Legionella can be hematogenously transmitted to organs and involve them in the pathological process. Endotoxin causes systemic lesions. In severe cases, an infectious-toxic shock develops acute polyorganic, primarily respiratory failure, renal-hepatic insufficiency and acute hepatic encephalopathy. The defeat of the central nervous system is due to the introduction of toxins into the blood with rapid death of the microorganism in the lesion. To the toxic effect of Legionella sensitive cells of the renal tubules are sensitive, which are often necrotic. The toxic effect on the hepatocyte increases the activity of aminotransferases and the concentration of bilirubin in the blood. Under the influence of toxin as a result of damage to the bone marrow, processes of hematopoiesis are inhibited.
Thus, the pathogenesis of legionellosis includes the phases of bronchogenic, lymphogenic and hematogenous development of the infectious process. Extrapulmonary damage occurs hematogenically. It is possible to develop generalized septic forms, in particular, septic endocarditis.
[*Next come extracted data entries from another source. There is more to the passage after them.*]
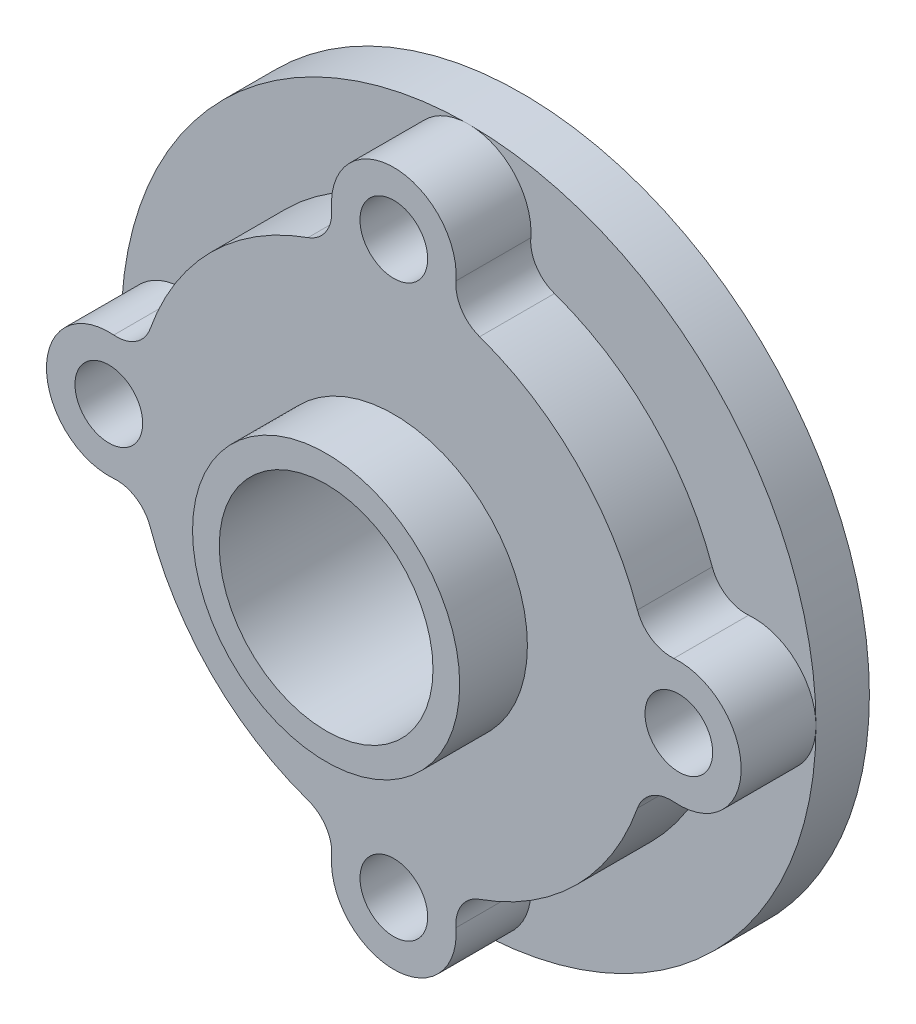
ISO-10303-21;
HEADER;
FILE_DESCRIPTION(('STEP AP214'),'2;1');
FILE_NAME('part.step','',(''),(''),'','','');
FILE_SCHEMA(('AUTOMOTIVE_DESIGN { 1 0 10303 214 1 1 1 1 }'));
ENDSEC;
DATA;
#1=APPLICATION_CONTEXT('core data for automotive mechanical design processes');
#2=APPLICATION_PROTOCOL_DEFINITION('international standard','automotive_design',2000,#1);
#3=PRODUCT_CONTEXT('',#1,'mechanical');
#4=PRODUCT('Part','Part','',(#3));
#5=PRODUCT_RELATED_PRODUCT_CATEGORY('part','',(#4));
#6=PRODUCT_DEFINITION_FORMATION('','',#4);
#7=PRODUCT_DEFINITION_CONTEXT('part definition',#1,'design');
#8=PRODUCT_DEFINITION('design','',#6,#7);
#9=PRODUCT_DEFINITION_SHAPE('','',#8);
#10=(LENGTH_UNIT() NAMED_UNIT(*) SI_UNIT(.MILLI.,.METRE.));
#11=(NAMED_UNIT(*) PLANE_ANGLE_UNIT() SI_UNIT($,.RADIAN.));
#12=(NAMED_UNIT(*) SI_UNIT($,.STERADIAN.) SOLID_ANGLE_UNIT());
#13=UNCERTAINTY_MEASURE_WITH_UNIT(LENGTH_MEASURE(1.E-05),#10,'distance_accuracy_value','');
#14=(GEOMETRIC_REPRESENTATION_CONTEXT(3) GLOBAL_UNCERTAINTY_ASSIGNED_CONTEXT((#13)) GLOBAL_UNIT_ASSIGNED_CONTEXT((#10,
#11,#12)) REPRESENTATION_CONTEXT('',''));
#15=CARTESIAN_POINT('',(0.,0.,0.));
#16=DIRECTION('',(0.,0.,1.));
#17=DIRECTION('',(1.,0.,0.));
#18=AXIS2_PLACEMENT_3D('',#15,#16,#17);
#19=CARTESIAN_POINT('',(0.,0.,15.));
#20=DIRECTION('',(0.,0.,1.));
#21=DIRECTION('',(1.,0.,0.));
#22=AXIS2_PLACEMENT_3D('',#19,#20,#21);
#23=PLANE('',#22);
#24=CARTESIAN_POINT('',(-80.,0.,15.));
#25=DIRECTION('',(0.,0.,1.));
#26=DIRECTION('',(1.,0.,0.));
#27=AXIS2_PLACEMENT_3D('',#24,#25,#26);
#28=CIRCLE('',#27,17.5);
#29=CARTESIAN_POINT('',(-78.6079545454545,17.4445466966752,15.));
#30=VERTEX_POINT('',#29);
#31=CARTESIAN_POINT('',(-97.5,0.,15.));
#32=VERTEX_POINT('',#31);
#33=EDGE_CURVE('E172',#30,#32,#28,.T.);
#34=ORIENTED_EDGE('',*,*,#33,.F.);
#35=CARTESIAN_POINT('',(-77.8125,27.4128590947752,15.));
#36=DIRECTION('',(0.,0.,-1.));
#37=DIRECTION('',(-1.,0.,0.));
#38=AXIS2_PLACEMENT_3D('',#35,#36,#37);
#39=CIRCLE('',#38,10.);
#40=CARTESIAN_POINT('',(-68.3806818181818,24.0900882954085,15.));
#41=VERTEX_POINT('',#40);
#42=EDGE_CURVE('E189',#41,#30,#39,.T.);
#43=ORIENTED_EDGE('',*,*,#42,.F.);
#44=CARTESIAN_POINT('',(0.,0.,15.));
#45=DIRECTION('',(0.,0.,1.));
#46=DIRECTION('',(1.,0.,0.));
#47=AXIS2_PLACEMENT_3D('',#44,#45,#46);
#48=CIRCLE('',#47,72.5);
#49=CARTESIAN_POINT('',(-24.0900882954085,68.3806818181818,15.));
#50=VERTEX_POINT('',#49);
#51=EDGE_CURVE('E509',#50,#41,#48,.T.);
#52=ORIENTED_EDGE('',*,*,#51,.F.);
#53=CARTESIAN_POINT('',(-27.4128590947752,77.8125,15.));
#54=DIRECTION('',(0.,0.,-1.));
#55=DIRECTION('',(1.,0.,0.));
#56=AXIS2_PLACEMENT_3D('',#53,#54,#55);
#57=CIRCLE('',#56,10.);
#58=CARTESIAN_POINT('',(-17.4445466966751,78.6079545454545,15.));
#59=VERTEX_POINT('',#58);
#60=EDGE_CURVE('E198',#59,#50,#57,.T.);
#61=ORIENTED_EDGE('',*,*,#60,.F.);
#62=CARTESIAN_POINT('',(0.,80.,15.));
#63=DIRECTION('',(0.,0.,1.));
#64=DIRECTION('',(1.,0.,0.));
#65=AXIS2_PLACEMENT_3D('',#62,#63,#64);
#66=CIRCLE('',#65,17.5);
#67=CARTESIAN_POINT('',(0.,97.5,15.));
#68=VERTEX_POINT('',#67);
#69=EDGE_CURVE('E204',#68,#59,#66,.T.);
#70=ORIENTED_EDGE('',*,*,#69,.F.);
#71=CARTESIAN_POINT('',(0.,0.,15.));
#72=DIRECTION('',(0.,0.,1.));
#73=DIRECTION('',(1.,0.,0.));
#74=AXIS2_PLACEMENT_3D('',#71,#72,#73);
#75=CIRCLE('',#74,97.5);
#76=EDGE_CURVE('E313',#68,#32,#75,.T.);
#77=ORIENTED_EDGE('',*,*,#76,.T.);
#78=EDGE_LOOP('',(#34,#43,#52,#61,#70,#77));
#79=FACE_BOUND('',#78,.T.);
#80=ADVANCED_FACE('F36',(#79),#23,.T.);
#81=CARTESIAN_POINT('',(-77.8125,-27.4128590947752,15.));
#82=DIRECTION('',(0.,0.,-1.));
#83=DIRECTION('',(1.,0.,0.));
#84=AXIS2_PLACEMENT_3D('',#81,#82,#83);
#85=CIRCLE('',#84,10.);
#86=CARTESIAN_POINT('',(-78.6079545454545,-17.4445466966752,15.));
#87=VERTEX_POINT('',#86);
#88=CARTESIAN_POINT('',(-68.3806818181818,-24.0900882954085,15.));
#89=VERTEX_POINT('',#88);
#90=EDGE_CURVE('E171',#87,#89,#85,.T.);
#91=ORIENTED_EDGE('',*,*,#90,.F.);
#92=EDGE_CURVE('E168',#32,#87,#28,.T.);
#93=ORIENTED_EDGE('',*,*,#92,.F.);
#94=CARTESIAN_POINT('',(0.,-97.5,15.));
#95=VERTEX_POINT('',#94);
#96=EDGE_CURVE('E309',#32,#95,#75,.T.);
#97=ORIENTED_EDGE('',*,*,#96,.T.);
#98=CARTESIAN_POINT('',(0.,-80.,15.));
#99=DIRECTION('',(0.,0.,1.));
#100=DIRECTION('',(1.,0.,0.));
#101=AXIS2_PLACEMENT_3D('',#98,#99,#100);
#102=CIRCLE('',#101,17.5);
#103=CARTESIAN_POINT('',(-17.4445466966751,-78.6079545454545,15.));
#104=VERTEX_POINT('',#103);
#105=EDGE_CURVE('E250',#104,#95,#102,.T.);
#106=ORIENTED_EDGE('',*,*,#105,.F.);
#107=CARTESIAN_POINT('',(-27.4128590947752,-77.8125,15.));
#108=DIRECTION('',(0.,0.,-1.));
#109=DIRECTION('',(-1.,0.,0.));
#110=AXIS2_PLACEMENT_3D('',#107,#108,#109);
#111=CIRCLE('',#110,10.);
#112=CARTESIAN_POINT('',(-24.0900882954085,-68.3806818181818,15.));
#113=VERTEX_POINT('',#112);
#114=EDGE_CURVE('E254',#113,#104,#111,.T.);
#115=ORIENTED_EDGE('',*,*,#114,.F.);
#116=EDGE_CURVE('E305',#89,#113,#48,.T.);
#117=ORIENTED_EDGE('',*,*,#116,.F.);
#118=EDGE_LOOP('',(#91,#93,#97,#106,#115,#117));
#119=FACE_BOUND('',#118,.T.);
#120=ADVANCED_FACE('F353',(#119),#23,.T.);
#121=CARTESIAN_POINT('',(0.,0.,36.));
#122=DIRECTION('',(0.,0.,-1.));
#123=DIRECTION('',(-1.,0.,0.));
#124=AXIS2_PLACEMENT_3D('',#121,#122,#123);
#125=CYLINDRICAL_SURFACE('',#124,72.5);
#126=DIRECTION('',(0.,0.,-1.));
#127=VECTOR('',#126,1.);
#128=CARTESIAN_POINT('',(-68.3806818181818,24.0900882954085,92.2962175256588));
#129=LINE('',#128,#127);
#130=CARTESIAN_POINT('',(-68.3806818181818,24.0900882954085,36.));
#131=VERTEX_POINT('',#130);
#132=EDGE_CURVE('E192',#131,#41,#129,.T.);
#133=ORIENTED_EDGE('',*,*,#132,.F.);
#134=CARTESIAN_POINT('',(0.,0.,36.));
#135=DIRECTION('',(0.,0.,1.));
#136=DIRECTION('',(1.,0.,0.));
#137=AXIS2_PLACEMENT_3D('',#134,#135,#136);
#138=CIRCLE('',#137,72.5);
#139=CARTESIAN_POINT('',(-24.0900882954085,68.3806818181818,36.));
#140=VERTEX_POINT('',#139);
#141=EDGE_CURVE('E513',#140,#131,#138,.T.);
#142=ORIENTED_EDGE('',*,*,#141,.F.);
#143=DIRECTION('',(0.,0.,-1.));
#144=VECTOR('',#143,1.);
#145=CARTESIAN_POINT('',(-24.0900882954085,68.3806818181818,92.2962175256588));
#146=LINE('',#145,#144);
#147=EDGE_CURVE('E200',#140,#50,#146,.T.);
#148=ORIENTED_EDGE('',*,*,#147,.T.);
#149=ORIENTED_EDGE('',*,*,#51,.T.);
#150=EDGE_LOOP('',(#133,#142,#148,#149));
#151=FACE_BOUND('',#150,.T.);
#152=ADVANCED_FACE('F355',(#151),#125,.T.);
#153=CARTESIAN_POINT('',(17.4445466966751,78.6079545454545,15.));
#154=VERTEX_POINT('',#153);
#155=EDGE_CURVE('E202',#154,#68,#66,.T.);
#156=ORIENTED_EDGE('',*,*,#155,.F.);
#157=CARTESIAN_POINT('',(27.4128590947752,77.8125,15.));
#158=DIRECTION('',(0.,0.,-1.));
#159=DIRECTION('',(-1.,0.,0.));
#160=AXIS2_PLACEMENT_3D('',#157,#158,#159);
#161=CIRCLE('',#160,10.);
#162=CARTESIAN_POINT('',(24.0900882954085,68.3806818181818,15.));
#163=VERTEX_POINT('',#162);
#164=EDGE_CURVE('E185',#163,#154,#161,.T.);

Epidemiology of legionellosis
Legionellosis is common everywhere. The disease is recorded both in the form of outbreaks and sporadic cases on all continents of the globe. According to some data, the proportion of legionella in the etiological structure of pneumonia is 10%, and among atypical pneumonia - about 25%. Carrying out pathogens in birds, rodents, arthropods is not established. Legionella are natural inhabitants of reservoirs, able to exist in various environmental conditions. They can be isolated from air and natural waters, where bacteria grow in association with blue-green algae (presumably they are able to live inside seaweed and free-living amoebae). In non-chlorinated drinking water are stored for more than 1 year. A certain epidemic danger is represented by irrigation systems, sprinklers, shower heads, air conditioners, inhalers, earthworks.
At present, the only confirmed way of transmission of infection is aerogenic. Transmission factors are water and soil in endemic areas, water in air-conditioning systems of recirculating type, as well as in water supply systems.
Legionellosis is characterized by a clearly pronounced seasonality (summer-autumn). More frequent infection registration in the summer months can explain the more intensive use of air conditioning systems, often serving as a reservoir of the pathogen.
Men are sick twice as often as women. More often this disease is met in middle-aged and elderly people.
Infection without pneumonia by type of acute respiratory infections is more often diagnosed in persons of younger age. Risk factors predisposing to the onset of the disease are immunodeficiency, smoking, alcohol abuse, and living near excavation sites.
In recent years, particular importance is attached to the problem of the so-called travel-associate legionellosis. A unified international system of epidemiological control over cases of legionnaires associated with tourist and business trips has been created.